Deuxième intervention sur ce Territoire Emprunté en y ajoutant les compléments de l’empreinte et du dessin déjà fait. L'écriture n'étant pas bien définie, pas encore parfaitement lisible, nécessité de découper, d’ôter, de trouer ou d’ajouter des éléments extérieurs. Repeindre certaines parties pour mieux mettre en évidence ce qui est ainsi dévoilé. Graver la plaque de terre.
Résultat : une empreinte synthétique, un dessin sculpté, peint et gravé comme une tapisserie.
Première déception, premier désarroi : la peau, presque trop vraie, trop ressemblante, trop suggestive, illusion trop parfaite, attire et répulse en même temps. Les corps, comme les corps humains, exhalent une odeur mais une odeur âcre et tenace qui inspire le dégoût. Obligation quasi-immédiate d’ajouter sur ce sol des figures et des formes humaines, des têtes et des corps, liés l’un à l’autre mais pas l’un sans l’autre.
Dernière intervention et la plus révélatrice : la lumière. Le caoutchouc opaque doit être exposé dans un lieu particulier où la lumière varie. Voir le tableau par transparence comme un vitrail.

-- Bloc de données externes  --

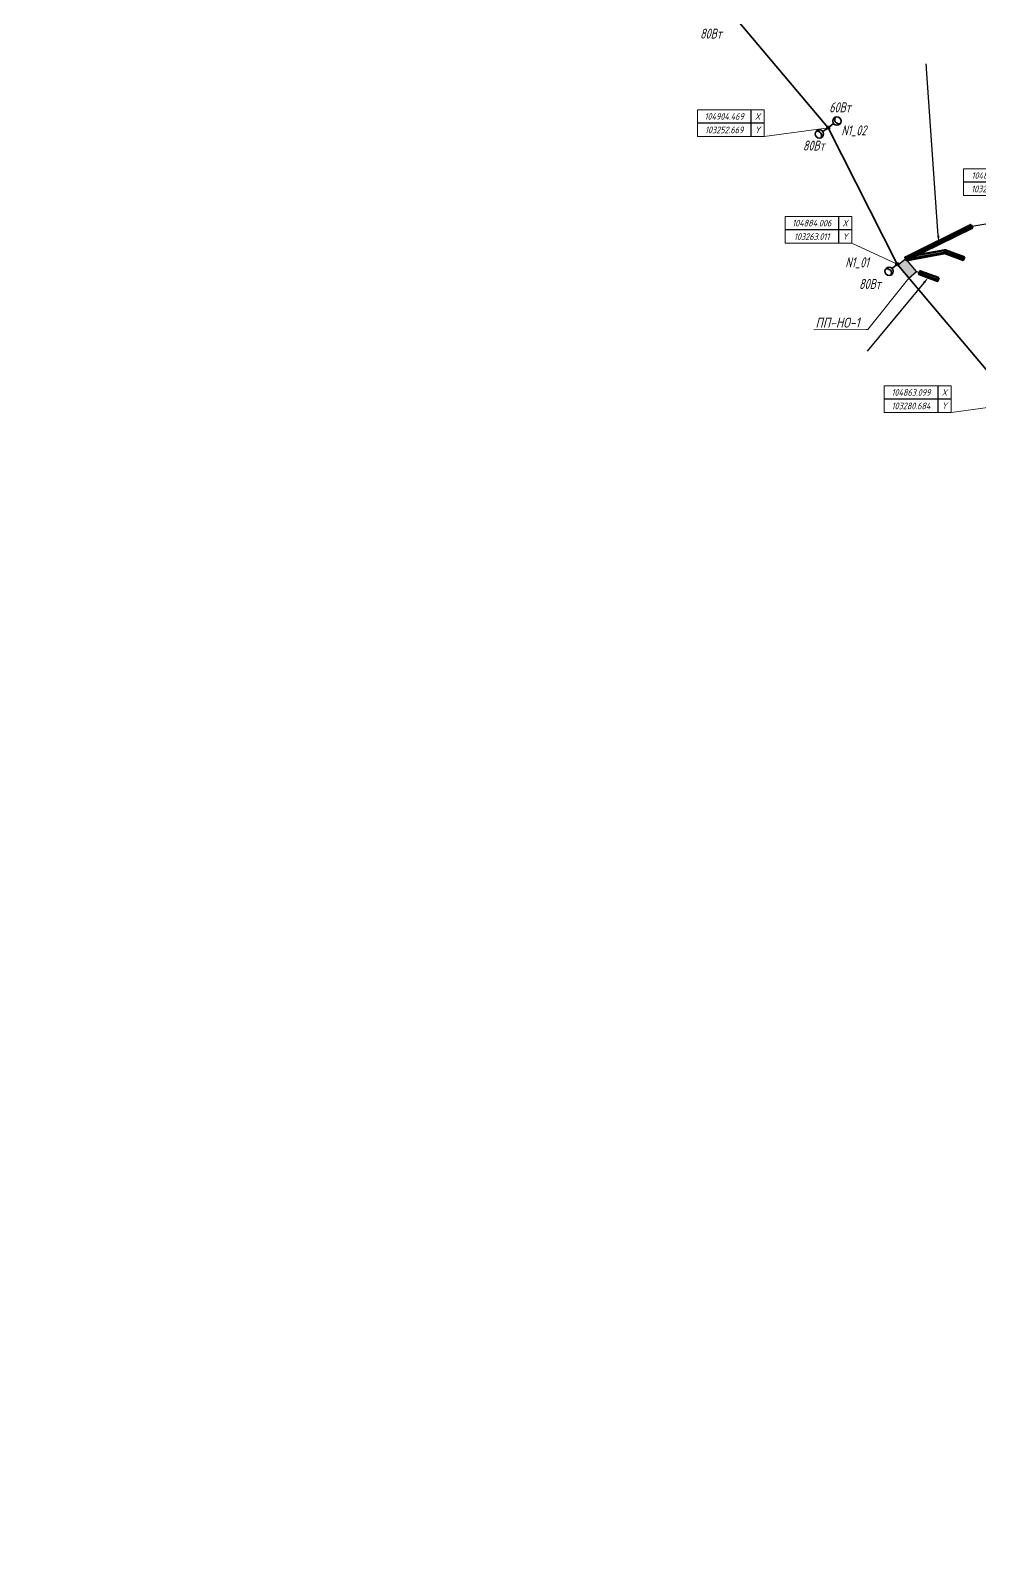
# Model space of a CAD drawing. Header units: millimetres. Extents: x -5263 to 103757798, y 0 to 105184226.
# Drawn here: x 103133064 to 103275317, y 104689544 to 104919023 of the extents above; entities that cross this region are included whole.
import ezdxf
from ezdxf import colors
from ezdxf.entities.mleader import LeaderData, LeaderLine
from ezdxf.enums import TextEntityAlignment as Align
from ezdxf.math import Vec2, Vec3

# ---------------------------------------------------------------- set-up
doc = ezdxf.new("R2010")
doc.units = ezdxf.units.MM
doc.set_wipeout_variables(frame=1)
doc.linetypes.add('CONTINOUS', pattern=[0])
for name, color, linetype, lineweight in [('_ПР_НО', 10, 'Continuous', 30), ('ЭО_Пл_Опора', 10, 'Continuous', 35), ('ЭО_Пл_Опора_Светильники', 10, 'Continuous', 35), ('ЭО_Пл_Распред_Сеть', 10, 'Continuous', 35), ('ЭО_Пл_Светильники', 10, 'Continuous', 25), ('ЭО_Пл_Светильники_Текст', 10, 'Continuous', 20), ('ЭО_Пл_Сеть_Освещения_В земле', 3, 'ID_N', 30), ('ЭО_Пл_Сеть_Освещения_Текст', 10, 'Continuous', 20), ('ЭО_Пл_Щиты', 7, 'Continuous', 25), ('ЭО_Пл_Щиты_Текст', 7, 'Continuous', 20), ('ЭС_Координата', 7, 'Continuous', 25)]:
    doc.layers.add(name, color=color, linetype=linetype, lineweight=lineweight)
doc.layers.get('0').off()
doc.styles.add('ПБГС', font='simplex.shx', dxfattribs={"width": 0.8, "oblique": 15})
doc.linetypes.add('ID_N', pattern='A,0,3,-3,["N",ПБГС,S=1.2,R=0,X=-1,Y=-0.5],-3,6', length=15)

# ---------------------------------------------------------------- blocks, each defined once
blk = doc.blocks.new('_None')
blk = doc.blocks.new('промежуточная')
h = blk.add_hatch(color=255)
edge = h.paths.add_edge_path()
edge.add_arc((0, 0), 0.833, 0, 360)
at = {"lineweight": 30}
blk.add_circle((0, 0), 0.833, dxfattribs=at)
blk = doc.blocks.new('*U40')
at = {"layer": 'ЭО_Пл_Светильники'}
blk.add_line((0, 2), (0, 0), dxfattribs=at)
at = {"layer": 'ЭО_Пл_Светильники', "linetype": 'ByBlock', "xscale": 250, "yscale": 250, "zscale": 250}
blk.add_blockref('промежуточная', (0, 0), dxfattribs=at)
at = {"style": 'ПБГС', "oblique": 15, "width": 0.7, "flags": 1}
blk.add_attdef('NAME', (0, -6), '', height=3.5, dxfattribs=at)
at = {"layer": 'ЭО_Пл_Светильники_Текст', "style": 'ПБГС', "oblique": 15, "width": 0.7}
blk.add_attdef('N_PYLON', (-7802, -470), '', height=1500, dxfattribs=at)
at = {"layer": 'ЭО_Пл_Светильники_Текст', "style": 'ПБГС', "oblique": 15, "width": 0.7, "flags": 1}
for tag, p in [('TYPE', (0, 0)), ('MANUFACTURER', (0, -12)), ('SPECIFICATION_SECTION', (0, -18)), ('POWER', (0, -24)), ('GROUP', (0, -30))]:
    blk.add_attdef(tag, p, '', height=3.5, dxfattribs=at)
blk = doc.blocks.new('*U51')
at = {"layer": 'ЭО_Пл_Светильники'}
blk.add_line((0, 2), (0, 0), dxfattribs=at)
at = {"layer": 'ЭО_Пл_Светильники', "linetype": 'ByBlock', "xscale": 250, "yscale": 250, "zscale": 250}
blk.add_blockref('промежуточная', (0, 0), dxfattribs=at)
at = {"style": 'ПБГС', "oblique": 15, "width": 0.7, "flags": 1}
blk.add_attdef('NAME', (0, -6), '', height=3.5, dxfattribs=at)
at = {"layer": 'ЭО_Пл_Светильники_Текст', "style": 'ПБГС', "oblique": 15, "width": 0.7, "flags": 1}
for tag, p in [('TYPE', (0, 0)), ('MANUFACTURER', (0, -12)), ('SPECIFICATION_SECTION', (0, -18)), ('POWER', (0, -24)), ('GROUP', (0, -30))]:
    blk.add_attdef(tag, p, '', height=3.5, dxfattribs=at)
at = {"layer": 'ЭО_Пл_Светильники_Текст', "style": 'ПБГС', "oblique": 15, "width": 0.7}
blk.add_attdef('N_PYLON', (1952, -1157), '', height=1500, dxfattribs=at)
blk = doc.blocks.new('ExDyn08210c30-0f48-4bcd-aa61-017707cd2af4')
h = blk.add_hatch(color=256)
h.dxf.hatch_style = 1
h.paths.add_polyline_path([(0, 0), (2736, 1230), (686, 5790), (-2050, 4560)])
blk.add_lwpolyline([(0, 0), (2736, 1230), (686, 5790), (-2050, 4560)], close=True)
blk = doc.blocks.new('*U192')
at = {"layer": 'ЭО_Пл_Опора_Светильники'}
h = blk.add_hatch(color=256, dxfattribs=at)
h.dxf.hatch_style = 1
h.paths.add_polyline_path([(2, 199, 1), (-2, -199, 1)])
blk.add_line((-1000, 10), (0, 0), dxfattribs=at)
for centre, radius in [((-1625, 16), 625), ((0, 0), 199)]:
    blk.add_circle(centre, radius, dxfattribs=at)
blk.add_arc((-2000, 20), 625, 286.88253, 71.96732, dxfattribs=at)
at = {"style": 'ПБГС', "oblique": 15, "width": 0.7, "flags": 1}
for tag, p, height in [('TYPE', (-1704, -2539), 525000), ('MANUFACTURER', (0, -5006), 875), ('NAME', (0, -3506), 875), ('SPECIFICATION_SECTION', (0, -6506), 875), ('GROUP', (0, -9506), 875)]:
    blk.add_attdef(tag, p, '', height=height, dxfattribs=at)
at = {"layer": 'ЭО_Пл_Светильники_Текст', "style": 'ПБГС', "oblique": 15, "width": 0.7}
blk.add_attdef('POWER', (-4631, -3918), '', height=1500, dxfattribs=at)
blk = doc.blocks.new('*U195')
at = {"layer": 'ЭО_Пл_Опора_Светильники'}
h = blk.add_hatch(color=256, dxfattribs=at)
h.dxf.hatch_style = 1
h.paths.add_polyline_path([(-130, 151, 1), (130, -151, 1)])
blk.add_line((-758, -653), (0, 0), dxfattribs=at)
for centre, radius in [((0, 0), 199), ((-1231, -1061), 625)]:
    blk.add_circle(centre, radius, dxfattribs=at)
blk.add_arc((-1515, -1306), 625, 328.21326, 113.29805, dxfattribs=at)
at = {"style": 'ПБГС', "oblique": 15, "width": 0.7, "flags": 1}
for tag, p, height in [('TYPE', (-1704, -2539), 525000), ('MANUFACTURER', (0, -5006), 875), ('NAME', (0, -3506), 875), ('SPECIFICATION_SECTION', (0, -6506), 875), ('GROUP', (0, -9506), 875)]:
    blk.add_attdef(tag, p, '', height=height, dxfattribs=at)
at = {"layer": 'ЭО_Пл_Светильники_Текст', "style": 'ПБГС', "oblique": 15, "width": 0.7}
blk.add_attdef('POWER', (-5729, -3716), '', height=1500, dxfattribs=at)
blk = doc.blocks.new('*U377')
at = {"layer": 'ЭО_Пл_Опора_Светильники'}
h = blk.add_hatch(color=256, dxfattribs=at)
h.dxf.hatch_style = 1
h.paths.add_polyline_path([(-115, 162, 1), (115, -162, 1)])
blk.add_line((-815, -579), (0, 0), dxfattribs=at)
for centre, radius in [((0, 0), 199), ((-1325, -941), 625)]:
    blk.add_circle(centre, radius, dxfattribs=at)
blk.add_arc((-1631, -1158), 625, 322.83389, 107.91869, dxfattribs=at)
at = {"style": 'ПБГС', "oblique": 15, "width": 0.7, "flags": 1}
for tag, p, height in [('TYPE', (-1704, -2539), 525000), ('MANUFACTURER', (0, -5006), 875), ('NAME', (0, -3506), 875), ('SPECIFICATION_SECTION', (0, -6506), 875), ('GROUP', (0, -9506), 875)]:
    blk.add_attdef(tag, p, '', height=height, dxfattribs=at)
at = {"layer": 'ЭО_Пл_Светильники_Текст', "style": 'ПБГС', "oblique": 15, "width": 0.7}
blk.add_attdef('POWER', (-3810, -3427), '', height=1500, dxfattribs=at)
blk = doc.blocks.new('*U194')
at = {"layer": 'ЭО_Пл_Опора_Светильники'}
h = blk.add_hatch(color=256, dxfattribs=at)
h.dxf.hatch_style = 1
h.paths.add_polyline_path([(122, -157, 1), (-122, 157, 1)])
blk.add_line((792, 611), (0, 0), dxfattribs=at)
for centre, radius in [((0, 0), 199), ((1287, 993), 625)]:
    blk.add_circle(centre, radius, dxfattribs=at)
blk.add_arc((1583, 1222), 625, 145.11055, 290.19534, dxfattribs=at)
at = {"style": 'ПБГС', "oblique": 15, "width": 0.7, "flags": 1}
for tag, p, height in [('TYPE', (-1704, -2539), 525000), ('MANUFACTURER', (0, -5006), 875), ('NAME', (0, -3506), 875), ('SPECIFICATION_SECTION', (0, -6506), 875), ('GROUP', (0, -9506), 875)]:
    blk.add_attdef(tag, p, '', height=height, dxfattribs=at)
at = {"layer": 'ЭО_Пл_Светильники_Текст', "style": 'ПБГС', "oblique": 15, "width": 0.7}
blk.add_attdef('POWER', (138, 2297), '', height=1500, dxfattribs=at)
blk = doc.blocks.new('*U497')
blk.add_wipeout([(-19.24, -2.63), (-19.24, 5.37), (-39.24, 5.37), (-39.24, -2.63)])
at = {"lineweight": 0}
blk.add_line((-19.24, -2.63), (0, 0), dxfattribs=at)
at = {"color": 0, "lineweight": 0, "transparency": 16777216}
for points in [[(-39.24, 5.37), (-39.24, -2.63), (-39.24, -2.63), (-39.24, -2.63)], [(-19.24, 5.37), (-39.24, 5.37)], [(-19.24, 5.37), (-19.24, -2.63), (-19.24, -2.63), (-19.24, -2.63)], [(-19.24, -2.63), (-39.24, -2.63)]]:
    blk.add_lwpolyline(points, dxfattribs=at)
at = {"transparency": 16777216}
for points in [[(-23.24, 5.37), (-23.24, -2.63)], [(-19.24, 1.37), (-39.24, 1.37)]]:
    blk.add_lwpolyline(points, dxfattribs=at)
at = {"color": 7, "transparency": 16777216, "char_height": 2, "width": 4, "attachment_point": 5, "style": 'ПБГС'}
for s, insert in [('X', (-21.24, 3.37)), ('Y', (-21.24, -0.63))]:
    blk.add_mtext(s, dxfattribs=dict(at, insert=insert))
at = {"color": 250, "transparency": 16777216, "style": 'ПБГС', "oblique": 15, "width": 0.8, "flags": 8}
for tag, p in [('КООРДИНАТАY', (-31.24, 3.37)), ('КООРДИНАТАX', (-31.24, -0.67))]:
    blk.add_attdef(tag, text='', height=2, dxfattribs=at).set_placement(p, align=Align.MIDDLE_CENTER)
blk = doc.blocks.new('*U505')
blk.add_wipeout([(-9.74, 4.57), (-9.74, 12.57), (-29.74, 12.57), (-29.74, 4.57)])
at = {"lineweight": 0}
blk.add_line((-9.74, 4.57), (0, 0), dxfattribs=at)
at = {"color": 0, "lineweight": 0, "transparency": 16777216}
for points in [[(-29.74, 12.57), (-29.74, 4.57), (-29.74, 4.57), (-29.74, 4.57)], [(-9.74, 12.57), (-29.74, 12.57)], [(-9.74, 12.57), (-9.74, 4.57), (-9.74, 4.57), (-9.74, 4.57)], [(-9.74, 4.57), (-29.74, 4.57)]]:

Oeuvre visible seulement à certains moments. Selon l’intensité de la lumière, les détails changent, les formes évoluent, suivent le mouvement de la lumière qui s'installe ou s'atténue, un peu à la manière d’une pellicule avec une image unique au ralenti. Une seule image et un éclairage qui se modifient en permanence tout au long d’une révolution solaire. Une oeuvre qui vit au même rythme que l’être humain suivant les évolutions du soleil et de la lumière, une oeuvre-miroir, reflet d’une civilisation.
Empreinte-fantôme, résultat de l’amalgame de ces techniques. Sans oublier la nécessité de la lumière qui rend la vie en transperçant les spectres.
Peau, empreinte fantôme, née de la terre, oeuvre poussière qui, en l’espace de trois à quatre ans, est retournée à la poussière. Tous les caoutchoucs sont morts, désintégrés. Chacun a vécu sa vie propre. Certains sont morts immédiatement, comme littéralement anéantis par le fardeau de la mémoire. D'autres ont pris leur temps. Mais tous ont été victimes de ce qui leur avait donné la vie, tués par ce qui les faisait vivre, usés par le soleil et l’oxydation de l’air.
Ce qui nous donne la vie, nous ôte la vie. Et inversement. Empreintes tellement vivantes qu'elles sont mortes, comme des morts humaines.
Je savais le latex synthétique instable mais je ne m'attendais pas à ce qu'il se désintègre de cette façon et aussi rapidement. Je pensais qu'il vieillirait comme un papier journal, jaunirait, le temps transformant les couleurs. La non-résistance du caoutchouc a, quelque peu, fait avortée cette nouvelle expérience. L'œuvre m'a totalement échappé. Aujourd’hui, elle n'existe plus, je ne peux plus la montrer. Ce n'est plus qu'un rêve, qu'une trace floue qui ne subsiste qu'au fond de moi et de quelques mémoires qui ont su l’engranger. Ne restent que quelques photographies, empreintes tangibles d’empreintes fugaces, fragiles, éphémères qui ont rejoint pour toujours le royaume de l’invisible. Une œuvre ne nous appartient que tant qu'elle est en substance, en gestation. Vivante, elle échappe à son créateur.